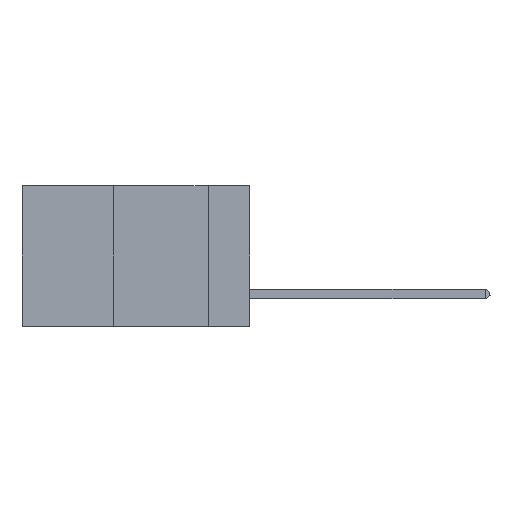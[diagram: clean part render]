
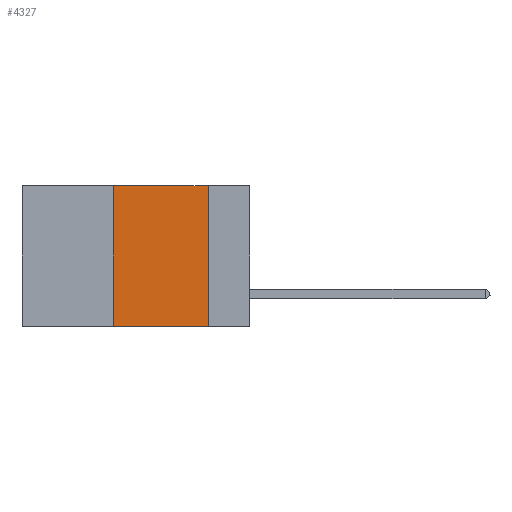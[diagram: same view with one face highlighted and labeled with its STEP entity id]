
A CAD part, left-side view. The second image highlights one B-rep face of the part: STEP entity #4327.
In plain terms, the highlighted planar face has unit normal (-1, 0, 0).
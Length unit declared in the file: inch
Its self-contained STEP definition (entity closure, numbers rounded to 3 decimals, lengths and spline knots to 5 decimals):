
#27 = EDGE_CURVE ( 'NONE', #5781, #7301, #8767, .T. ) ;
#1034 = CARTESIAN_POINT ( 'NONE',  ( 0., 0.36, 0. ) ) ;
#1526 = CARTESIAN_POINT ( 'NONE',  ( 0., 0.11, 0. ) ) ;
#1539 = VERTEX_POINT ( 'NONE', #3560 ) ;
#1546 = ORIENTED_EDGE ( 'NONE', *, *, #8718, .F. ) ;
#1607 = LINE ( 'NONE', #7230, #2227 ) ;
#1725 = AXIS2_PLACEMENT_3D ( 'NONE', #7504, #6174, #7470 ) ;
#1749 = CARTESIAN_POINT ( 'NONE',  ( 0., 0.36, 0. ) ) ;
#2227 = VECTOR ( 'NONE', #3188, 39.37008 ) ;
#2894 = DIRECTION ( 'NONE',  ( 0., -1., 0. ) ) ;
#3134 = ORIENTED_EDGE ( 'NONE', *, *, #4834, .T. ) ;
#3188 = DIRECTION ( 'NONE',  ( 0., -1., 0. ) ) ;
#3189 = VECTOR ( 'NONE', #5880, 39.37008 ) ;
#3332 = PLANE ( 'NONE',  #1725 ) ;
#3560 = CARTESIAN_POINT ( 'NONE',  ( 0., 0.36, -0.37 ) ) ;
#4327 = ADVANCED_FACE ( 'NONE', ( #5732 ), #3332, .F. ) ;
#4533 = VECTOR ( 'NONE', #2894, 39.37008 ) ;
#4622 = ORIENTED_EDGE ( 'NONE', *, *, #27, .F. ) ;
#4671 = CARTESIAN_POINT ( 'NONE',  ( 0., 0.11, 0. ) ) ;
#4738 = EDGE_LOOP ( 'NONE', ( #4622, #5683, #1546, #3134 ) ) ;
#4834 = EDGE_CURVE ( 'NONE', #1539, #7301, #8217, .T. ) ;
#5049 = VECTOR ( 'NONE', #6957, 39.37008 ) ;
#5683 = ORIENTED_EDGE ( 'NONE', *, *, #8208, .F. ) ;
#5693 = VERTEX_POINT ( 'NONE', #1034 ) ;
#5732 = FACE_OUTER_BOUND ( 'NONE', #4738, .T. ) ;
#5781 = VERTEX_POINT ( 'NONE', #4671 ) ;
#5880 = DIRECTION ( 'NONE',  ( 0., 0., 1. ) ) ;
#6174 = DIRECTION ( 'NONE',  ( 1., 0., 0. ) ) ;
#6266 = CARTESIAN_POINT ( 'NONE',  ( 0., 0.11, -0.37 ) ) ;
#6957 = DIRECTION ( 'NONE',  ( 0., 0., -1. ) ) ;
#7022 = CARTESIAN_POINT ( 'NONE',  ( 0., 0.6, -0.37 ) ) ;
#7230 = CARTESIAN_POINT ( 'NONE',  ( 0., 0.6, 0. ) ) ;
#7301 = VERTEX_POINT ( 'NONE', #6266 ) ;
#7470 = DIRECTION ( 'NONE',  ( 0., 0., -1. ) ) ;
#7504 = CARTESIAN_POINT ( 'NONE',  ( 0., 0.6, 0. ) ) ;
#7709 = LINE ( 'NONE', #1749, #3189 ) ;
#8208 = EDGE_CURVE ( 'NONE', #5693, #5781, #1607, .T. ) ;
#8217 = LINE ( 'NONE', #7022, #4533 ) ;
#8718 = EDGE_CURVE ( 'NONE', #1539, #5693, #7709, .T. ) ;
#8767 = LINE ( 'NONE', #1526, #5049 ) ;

• [DIRECTIONS FOR THIS TASK] Beginning at the line with "In plain terms, the" and stopping after the line with "#1526 = CARTESIAN_POINT", please write out every line of the data above exactly and nothing else.

• [OUTPUT FOR THIS EXERCISE]
In plain terms, the highlighted planar face has unit normal (-1, 0, 0).
Length unit declared in the file: inch
Its self-contained STEP definition (entity closure, numbers rounded to 3 decimals, lengths and spline knots to 5 decimals):
#27 = EDGE_CURVE ( 'NONE', #5781, #7301, #8767, .T. ) ;
#1034 = CARTESIAN_POINT ( 'NONE',  ( 0., 0.36, 0. ) ) ;
#1526 = CARTESIAN_POINT ( 'NONE',  ( 0., 0.11, 0. ) ) ;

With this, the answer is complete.